* [ABOUT THIS EXERCISE] Nothing is needed except the lines below that run from the one with "#95=DIRECTION('',(0.,-1.,0.));" through the one with "#102=ORIENTED_EDGE('',*,*,#101,.F.);", repeated exactly.

====

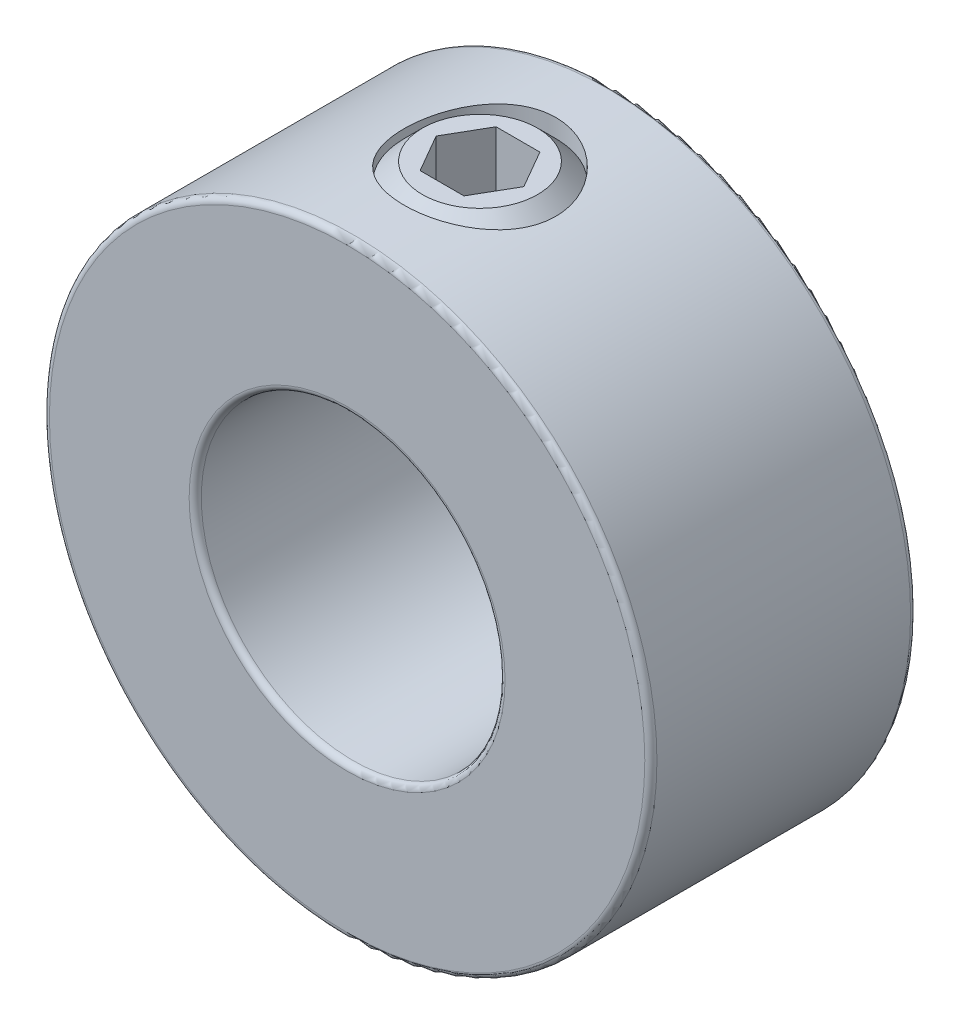
ISO-10303-21;
HEADER;
FILE_DESCRIPTION(('STEP AP214'),'2;1');
FILE_NAME('part.step','',(''),(''),'','','');
FILE_SCHEMA(('AUTOMOTIVE_DESIGN { 1 0 10303 214 1 1 1 1 }'));
ENDSEC;
DATA;
#1=APPLICATION_CONTEXT('core data for automotive mechanical design processes');
#2=APPLICATION_PROTOCOL_DEFINITION('international standard','automotive_design',2000,#1);
#3=PRODUCT_CONTEXT('',#1,'mechanical');
#4=PRODUCT('Part','Part','',(#3));
#5=PRODUCT_RELATED_PRODUCT_CATEGORY('part','',(#4));
#6=PRODUCT_DEFINITION_FORMATION('','',#4);
#7=PRODUCT_DEFINITION_CONTEXT('part definition',#1,'design');
#8=PRODUCT_DEFINITION('design','',#6,#7);
#9=PRODUCT_DEFINITION_SHAPE('','',#8);
#10=(LENGTH_UNIT() NAMED_UNIT(*) SI_UNIT(.MILLI.,.METRE.));
#11=(NAMED_UNIT(*) PLANE_ANGLE_UNIT() SI_UNIT($,.RADIAN.));
#12=(NAMED_UNIT(*) SI_UNIT($,.STERADIAN.) SOLID_ANGLE_UNIT());
#13=UNCERTAINTY_MEASURE_WITH_UNIT(LENGTH_MEASURE(1.E-05),#10,'distance_accuracy_value','');
#14=(GEOMETRIC_REPRESENTATION_CONTEXT(3) GLOBAL_UNCERTAINTY_ASSIGNED_CONTEXT((#13)) GLOBAL_UNIT_ASSIGNED_CONTEXT((#10,
#11,#12)) REPRESENTATION_CONTEXT('',''));
#15=CARTESIAN_POINT('',(0.,0.,0.));
#16=DIRECTION('',(0.,0.,1.));
#17=DIRECTION('',(1.,0.,0.));
#18=AXIS2_PLACEMENT_3D('',#15,#16,#17);
#19=CARTESIAN_POINT('',(0.,12.7,0.));
#20=DIRECTION('',(0.,1.,0.));
#21=DIRECTION('',(-1.,0.,0.));
#22=AXIS2_PLACEMENT_3D('',#19,#20,#21);
#23=PLANE('',#22);
#24=CARTESIAN_POINT('',(0.,12.7,0.));
#25=DIRECTION('',(0.,1.,0.));
#26=DIRECTION('',(-1.,0.,0.));
#27=AXIS2_PLACEMENT_3D('',#24,#25,#26);
#28=CIRCLE('',#27,2.40819263124403);
#29=CARTESIAN_POINT('',(-2.40819263124403,12.7,0.));
#30=VERTEX_POINT('',#29);
#31=EDGE_CURVE('E12',#30,#30,#28,.T.);
#32=ORIENTED_EDGE('',*,*,#31,.T.);
#33=EDGE_LOOP('',(#32));
#34=FACE_BOUND('',#33,.T.);
#35=DIRECTION('',(1.,0.,0.));
#36=VECTOR('',#35,1.);
#37=CARTESIAN_POINT('',(-0.916543552338532,12.7,-1.5875));
#38=LINE('',#37,#36);
#39=CARTESIAN_POINT('',(-0.916543552338532,12.7,-1.5875));
#40=VERTEX_POINT('',#39);
#41=CARTESIAN_POINT('',(0.916543552338531,12.7,-1.5875));
#42=VERTEX_POINT('',#41);
#43=EDGE_CURVE('E108',#40,#42,#38,.T.);
#44=ORIENTED_EDGE('',*,*,#43,.T.);
#45=DIRECTION('',(0.5,0.,0.866025403784439));
#46=VECTOR('',#45,1.);
#47=CARTESIAN_POINT('',(0.916543552338531,12.7,-1.5875));
#48=LINE('',#47,#46);
#49=CARTESIAN_POINT('',(1.83308710467706,12.7,0.));
#50=VERTEX_POINT('',#49);
#51=EDGE_CURVE('E54',#42,#50,#48,.T.);
#52=ORIENTED_EDGE('',*,*,#51,.T.);
#53=DIRECTION('',(-0.5,0.,0.866025403784439));
#54=VECTOR('',#53,1.);
#55=CARTESIAN_POINT('',(1.83308710467706,12.7,0.));
#56=LINE('',#55,#54);
#57=CARTESIAN_POINT('',(0.916543552338533,12.7,1.5875));
#58=VERTEX_POINT('',#57);
#59=EDGE_CURVE('E112',#50,#58,#56,.T.);
#60=ORIENTED_EDGE('',*,*,#59,.T.);
#61=DIRECTION('',(-1.,0.,0.));
#62=VECTOR('',#61,1.);
#63=CARTESIAN_POINT('',(0.916543552338533,12.7,1.5875));
#64=LINE('',#63,#62);
#65=CARTESIAN_POINT('',(-0.916543552338531,12.7,1.5875));
#66=VERTEX_POINT('',#65);
#67=EDGE_CURVE('E175',#58,#66,#64,.T.);
#68=ORIENTED_EDGE('',*,*,#67,.T.);
#69=DIRECTION('',(-0.5,0.,-0.866025403784439));
#70=VECTOR('',#69,1.);
#71=CARTESIAN_POINT('',(-0.916543552338531,12.7,1.5875));
#72=LINE('',#71,#70);
#73=CARTESIAN_POINT('',(-1.83308710467706,12.7,0.));
#74=VERTEX_POINT('',#73);
#75=EDGE_CURVE('E160',#66,#74,#72,.T.);
#76=ORIENTED_EDGE('',*,*,#75,.T.);
#77=DIRECTION('',(0.5,0.,-0.866025403784439));
#78=VECTOR('',#77,1.);
#79=CARTESIAN_POINT('',(-1.83308710467706,12.7,0.));
#80=LINE('',#79,#78);
#81=EDGE_CURVE('E156',#74,#40,#80,.T.);
#82=ORIENTED_EDGE('',*,*,#81,.T.);
#83=EDGE_LOOP('',(#44,#52,#60,#68,#76,#82));
#84=FACE_BOUND('',#83,.T.);
#85=ADVANCED_FACE('F40',(#34,#84),#23,.T.);
#86=CARTESIAN_POINT('',(0.,12.7,0.));
#87=DIRECTION('',(0.,-1.,0.));
#88=DIRECTION('',(1.,0.,0.));
#89=AXIS2_PLACEMENT_3D('',#86,#87,#88);
#90=CONICAL_SURFACE('',#89,2.40819263124403,0.785398163397448);
#91=CARTESIAN_POINT('',(0.,11.933192631244,0.));
#92=DIRECTION('',(0.,1.,0.));
#93=DIRECTION('',(-1.,0.,0.));
#94=AXIS2_PLACEMENT_3D('',#91,#92,#93);
#95=CIRCLE('',#94,3.175);
#96=CARTESIAN_POINT('',(-3.175,11.933192631244,0.));
#97=VERTEX_POINT('',#96);
#98=EDGE_CURVE('E47',#97,#97,#95,.T.);
#99=ORIENTED_EDGE('',*,*,#98,.T.);
#100=EDGE_LOOP('',(#99));
#101=FACE_BOUND('',#100,.T.);
#102=ORIENTED_EDGE('',*,*,#31,.F.);
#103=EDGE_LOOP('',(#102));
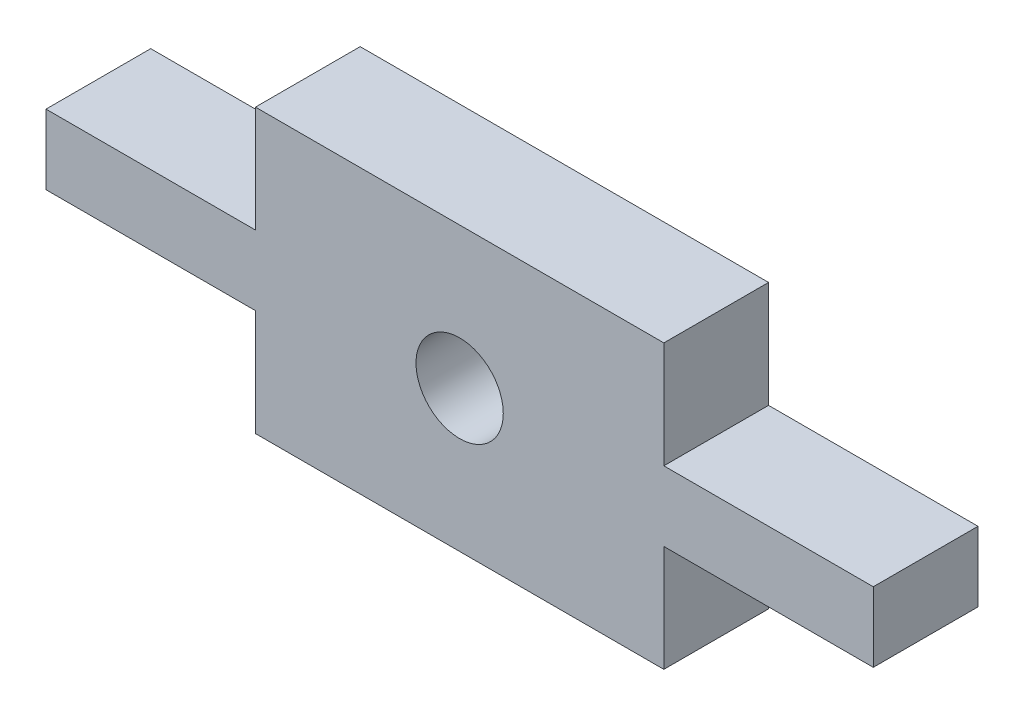
ISO-10303-21;
HEADER;
FILE_DESCRIPTION(('STEP AP214'),'2;1');
FILE_NAME('part.step','',(''),(''),'','','');
FILE_SCHEMA(('AUTOMOTIVE_DESIGN { 1 0 10303 214 1 1 1 1 }'));
ENDSEC;
DATA;
#1=APPLICATION_CONTEXT('core data for automotive mechanical design processes');
#2=APPLICATION_PROTOCOL_DEFINITION('international standard','automotive_design',2000,#1);
#3=PRODUCT_CONTEXT('',#1,'mechanical');
#4=PRODUCT('Part','Part','',(#3));
#5=PRODUCT_RELATED_PRODUCT_CATEGORY('part','',(#4));
#6=PRODUCT_DEFINITION_FORMATION('','',#4);
#7=PRODUCT_DEFINITION_CONTEXT('part definition',#1,'design');
#8=PRODUCT_DEFINITION('design','',#6,#7);
#9=PRODUCT_DEFINITION_SHAPE('','',#8);
#10=(LENGTH_UNIT() NAMED_UNIT(*) SI_UNIT(.MILLI.,.METRE.));
#11=(NAMED_UNIT(*) PLANE_ANGLE_UNIT() SI_UNIT($,.RADIAN.));
#12=(NAMED_UNIT(*) SI_UNIT($,.STERADIAN.) SOLID_ANGLE_UNIT());
#13=UNCERTAINTY_MEASURE_WITH_UNIT(LENGTH_MEASURE(1.E-05),#10,'distance_accuracy_value','');
#14=(GEOMETRIC_REPRESENTATION_CONTEXT(3) GLOBAL_UNCERTAINTY_ASSIGNED_CONTEXT((#13)) GLOBAL_UNIT_ASSIGNED_CONTEXT((#10,
#11,#12)) REPRESENTATION_CONTEXT('',''));
#15=CARTESIAN_POINT('',(0.,0.,0.));
#16=DIRECTION('',(0.,0.,1.));
#17=DIRECTION('',(1.,0.,0.));
#18=AXIS2_PLACEMENT_3D('',#15,#16,#17);
#19=CARTESIAN_POINT('',(0.,3.05,-3.));
#20=DIRECTION('',(-1.,0.,0.));
#21=DIRECTION('',(0.,0.,1.));
#22=AXIS2_PLACEMENT_3D('',#19,#20,#21);
#23=PLANE('',#22);
#24=DIRECTION('',(0.,-1.,0.));
#25=VECTOR('',#24,1.);
#26=CARTESIAN_POINT('',(0.,3.05,0.));
#27=LINE('',#26,#25);
#28=CARTESIAN_POINT('',(0.,3.05,0.));
#29=VERTEX_POINT('',#28);
#30=CARTESIAN_POINT('',(0.,0.,0.));
#31=VERTEX_POINT('',#30);
#32=EDGE_CURVE('E157',#29,#31,#27,.T.);
#33=ORIENTED_EDGE('',*,*,#32,.F.);
#34=DIRECTION('',(0.,0.,1.));
#35=VECTOR('',#34,1.);
#36=CARTESIAN_POINT('',(0.,3.05,-3.));
#37=LINE('',#36,#35);
#38=CARTESIAN_POINT('',(0.,3.05,-3.));
#39=VERTEX_POINT('',#38);
#40=EDGE_CURVE('E11',#39,#29,#37,.T.);
#41=ORIENTED_EDGE('',*,*,#40,.F.);
#42=DIRECTION('',(0.,-1.,0.));
#43=VECTOR('',#42,1.);
#44=CARTESIAN_POINT('',(0.,3.05,-3.));
#45=LINE('',#44,#43);
#46=CARTESIAN_POINT('',(0.,0.,-3.));
#47=VERTEX_POINT('',#46);
#48=EDGE_CURVE('E190',#39,#47,#45,.T.);
#49=ORIENTED_EDGE('',*,*,#48,.T.);
#50=DIRECTION('',(0.,0.,1.));
#51=VECTOR('',#50,1.);
#52=CARTESIAN_POINT('',(0.,0.,-3.));
#53=LINE('',#52,#51);
#54=EDGE_CURVE('E39',#47,#31,#53,.T.);
#55=ORIENTED_EDGE('',*,*,#54,.T.);
#56=EDGE_LOOP('',(#33,#41,#49,#55));
#57=FACE_BOUND('',#56,.T.);
#58=ADVANCED_FACE('F36',(#57),#23,.T.);
#59=CARTESIAN_POINT('',(-6.,3.05,-3.));
#60=DIRECTION('',(0.,-1.,0.));
#61=DIRECTION('',(1.,0.,0.));
#62=AXIS2_PLACEMENT_3D('',#59,#60,#61);
#63=PLANE('',#62);
#64=DIRECTION('',(1.,0.,0.));
#65=VECTOR('',#64,1.);
#66=CARTESIAN_POINT('',(-6.,3.05,0.));
#67=LINE('',#66,#65);
#68=CARTESIAN_POINT('',(-6.,3.05,0.));
#69=VERTEX_POINT('',#68);
#70=EDGE_CURVE('E188',#69,#29,#67,.T.);
#71=ORIENTED_EDGE('',*,*,#70,.F.);
#72=DIRECTION('',(0.,0.,1.));
#73=VECTOR('',#72,1.);
#74=CARTESIAN_POINT('',(-6.,3.05,-3.));
#75=LINE('',#74,#73);
#76=CARTESIAN_POINT('',(-6.,3.05,-3.));
#77=VERTEX_POINT('',#76);
#78=EDGE_CURVE('E45',#77,#69,#75,.T.);
#79=ORIENTED_EDGE('',*,*,#78,.F.);
#80=DIRECTION('',(1.,0.,0.));
#81=VECTOR('',#80,1.);
#82=CARTESIAN_POINT('',(-6.,3.05,-3.));
#83=LINE('',#82,#81);
#84=EDGE_CURVE('E147',#77,#39,#83,.T.);
#85=ORIENTED_EDGE('',*,*,#84,.T.);
#86=ORIENTED_EDGE('',*,*,#40,.T.);
#87=EDGE_LOOP('',(#71,#79,#85,#86));
#88=FACE_BOUND('',#87,.T.);
#89=ADVANCED_FACE('F210',(#88),#63,.T.);
#90=CARTESIAN_POINT('',(-6.,5.05,-3.));
#91=DIRECTION('',(-1.,0.,0.));
#92=DIRECTION('',(0.,0.,1.));
#93=AXIS2_PLACEMENT_3D('',#90,#91,#92);
#94=PLANE('',#93);
#95=DIRECTION('',(0.,-1.,0.));
#96=VECTOR('',#95,1.);
#97=CARTESIAN_POINT('',(-6.,5.05,0.));
#98=LINE('',#97,#96);
#99=CARTESIAN_POINT('',(-6.,5.05,0.));
#100=VERTEX_POINT('',#99);
#101=EDGE_CURVE('E134',#100,#69,#98,.T.);
#102=ORIENTED_EDGE('',*,*,#101,.F.);
#103=DIRECTION('',(0.,0.,1.));
#104=VECTOR('',#103,1.);
#105=CARTESIAN_POINT('',(-6.,5.05,-3.));
#106=LINE('',#105,#104);
#107=CARTESIAN_POINT('',(-6.,5.05,-3.));
#108=VERTEX_POINT('',#107);
#109=EDGE_CURVE('E129',#108,#100,#106,.T.);
#110=ORIENTED_EDGE('',*,*,#109,.F.);
#111=DIRECTION('',(0.,-1.,0.));
#112=VECTOR('',#111,1.);
#113=CARTESIAN_POINT('',(-6.,5.05,-3.));
#114=LINE('',#113,#112);
#115=EDGE_CURVE('E132',#108,#77,#114,.T.);
#116=ORIENTED_EDGE('',*,*,#115,.T.);
#117=ORIENTED_EDGE('',*,*,#78,.T.);
#118=EDGE_LOOP('',(#102,#110,#116,#117));
#119=FACE_BOUND('',#118,.T.);
#120=ADVANCED_FACE('F131',(#119),#94,.T.);
#121=CARTESIAN_POINT('',(0.,5.05,-3.));
#122=DIRECTION('',(0.,1.,0.));
#123=DIRECTION('',(0.,0.,1.));
#124=AXIS2_PLACEMENT_3D('',#121,#122,#123);
#125=PLANE('',#124);
#126=DIRECTION('',(-1.,0.,0.));
#127=VECTOR('',#126,1.);
#128=CARTESIAN_POINT('',(0.,5.05,0.));
#129=LINE('',#128,#127);
#130=CARTESIAN_POINT('',(0.,5.05,0.));
#131=VERTEX_POINT('',#130);
#132=EDGE_CURVE('E185',#131,#100,#129,.T.);
#133=ORIENTED_EDGE('',*,*,#132,.F.);
#134=DIRECTION('',(0.,0.,1.));
#135=VECTOR('',#134,1.);
#136=CARTESIAN_POINT('',(0.,5.05,-3.));
#137=LINE('',#136,#135);
#138=CARTESIAN_POINT('',(0.,5.05,-3.));
#139=VERTEX_POINT('',#138);
#140=EDGE_CURVE('E139',#139,#131,#137,.T.);
#141=ORIENTED_EDGE('',*,*,#140,.F.);
#142=DIRECTION('',(-1.,0.,0.));
#143=VECTOR('',#142,1.);
#144=CARTESIAN_POINT('',(0.,5.05,-3.));
#145=LINE('',#144,#143);
#146=EDGE_CURVE('E145',#139,#108,#145,.T.);
#147=ORIENTED_EDGE('',*,*,#146,.T.);
#148=ORIENTED_EDGE('',*,*,#109,.T.);
#149=EDGE_LOOP('',(#133,#141,#147,#148));
#150=FACE_BOUND('',#149,.T.);
#151=ADVANCED_FACE('F149',(#150),#125,.T.);
#152=CARTESIAN_POINT('',(0.,8.1,-3.));
#153=DIRECTION('',(-1.,0.,0.));
#154=DIRECTION('',(0.,0.,1.));
#155=AXIS2_PLACEMENT_3D('',#152,#153,#154);
#156=PLANE('',#155);
#157=DIRECTION('',(0.,-1.,0.));
#158=VECTOR('',#157,1.);
#159=CARTESIAN_POINT('',(0.,8.1,0.));
#160=LINE('',#159,#158);
#161=CARTESIAN_POINT('',(0.,8.1,0.));
#162=VERTEX_POINT('',#161);
#163=EDGE_CURVE('E182',#162,#131,#160,.T.);
#164=ORIENTED_EDGE('',*,*,#163,.F.);
#165=DIRECTION('',(0.,0.,1.));
#166=VECTOR('',#165,1.);
#167=CARTESIAN_POINT('',(0.,8.1,-3.));
#168=LINE('',#167,#166);
#169=CARTESIAN_POINT('',(0.,8.1,-3.));
#170=VERTEX_POINT('',#169);
#171=EDGE_CURVE('E194',#170,#162,#168,.T.);
#172=ORIENTED_EDGE('',*,*,#171,.F.);
#173=DIRECTION('',(0.,-1.,0.));
#174=VECTOR('',#173,1.);
#175=CARTESIAN_POINT('',(0.,8.1,-3.));
#176=LINE('',#175,#174);
#177=EDGE_CURVE('E150',#170,#139,#176,.T.);
#178=ORIENTED_EDGE('',*,*,#177,.T.);
#179=ORIENTED_EDGE('',*,*,#140,.T.);
#180=EDGE_LOOP('',(#164,#172,#178,#179));
#181=FACE_BOUND('',#180,.T.);
#182=ADVANCED_FACE('F223',(#181),#156,.T.);
#183=CARTESIAN_POINT('',(0.,8.1,-3.));
#184=DIRECTION('',(0.,1.,0.));
#185=DIRECTION('',(0.,0.,1.));
#186=AXIS2_PLACEMENT_3D('',#183,#184,#185);
#187=PLANE('',#186);
#188=DIRECTION('',(-1.,0.,0.));
#189=VECTOR('',#188,1.);
#190=CARTESIAN_POINT('',(0.,8.1,0.));
#191=LINE('',#190,#189);
#192=CARTESIAN_POINT('',(11.7,8.1,0.));
#193=VERTEX_POINT('',#192);
#194=EDGE_CURVE('E179',#193,#162,#191,.T.);
#195=ORIENTED_EDGE('',*,*,#194,.F.);
#196=DIRECTION('',(0.,0.,1.));
#197=VECTOR('',#196,1.);
#198=CARTESIAN_POINT('',(11.7,8.1,-3.));
#199=LINE('',#198,#197);
#200=CARTESIAN_POINT('',(11.7,8.1,-3.));
#201=VERTEX_POINT('',#200);
#202=EDGE_CURVE('E196',#201,#193,#199,.T.);
#203=ORIENTED_EDGE('',*,*,#202,.F.);
#204=DIRECTION('',(-1.,0.,0.));
#205=VECTOR('',#204,1.);
#206=CARTESIAN_POINT('',(0.,8.1,-3.));
#207=LINE('',#206,#205);
#208=EDGE_CURVE('E152',#201,#170,#207,.T.);
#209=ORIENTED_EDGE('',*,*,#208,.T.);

====

* [SOLUTION FOR THIS PROBLEM]
#95=DIRECTION('',(0.,-1.,0.));
#96=VECTOR('',#95,1.);
#97=CARTESIAN_POINT('',(-6.,5.05,0.));
#98=LINE('',#97,#96);
#99=CARTESIAN_POINT('',(-6.,5.05,0.));
#100=VERTEX_POINT('',#99);
#101=EDGE_CURVE('E134',#100,#69,#98,.T.);
#102=ORIENTED_EDGE('',*,*,#101,.F.);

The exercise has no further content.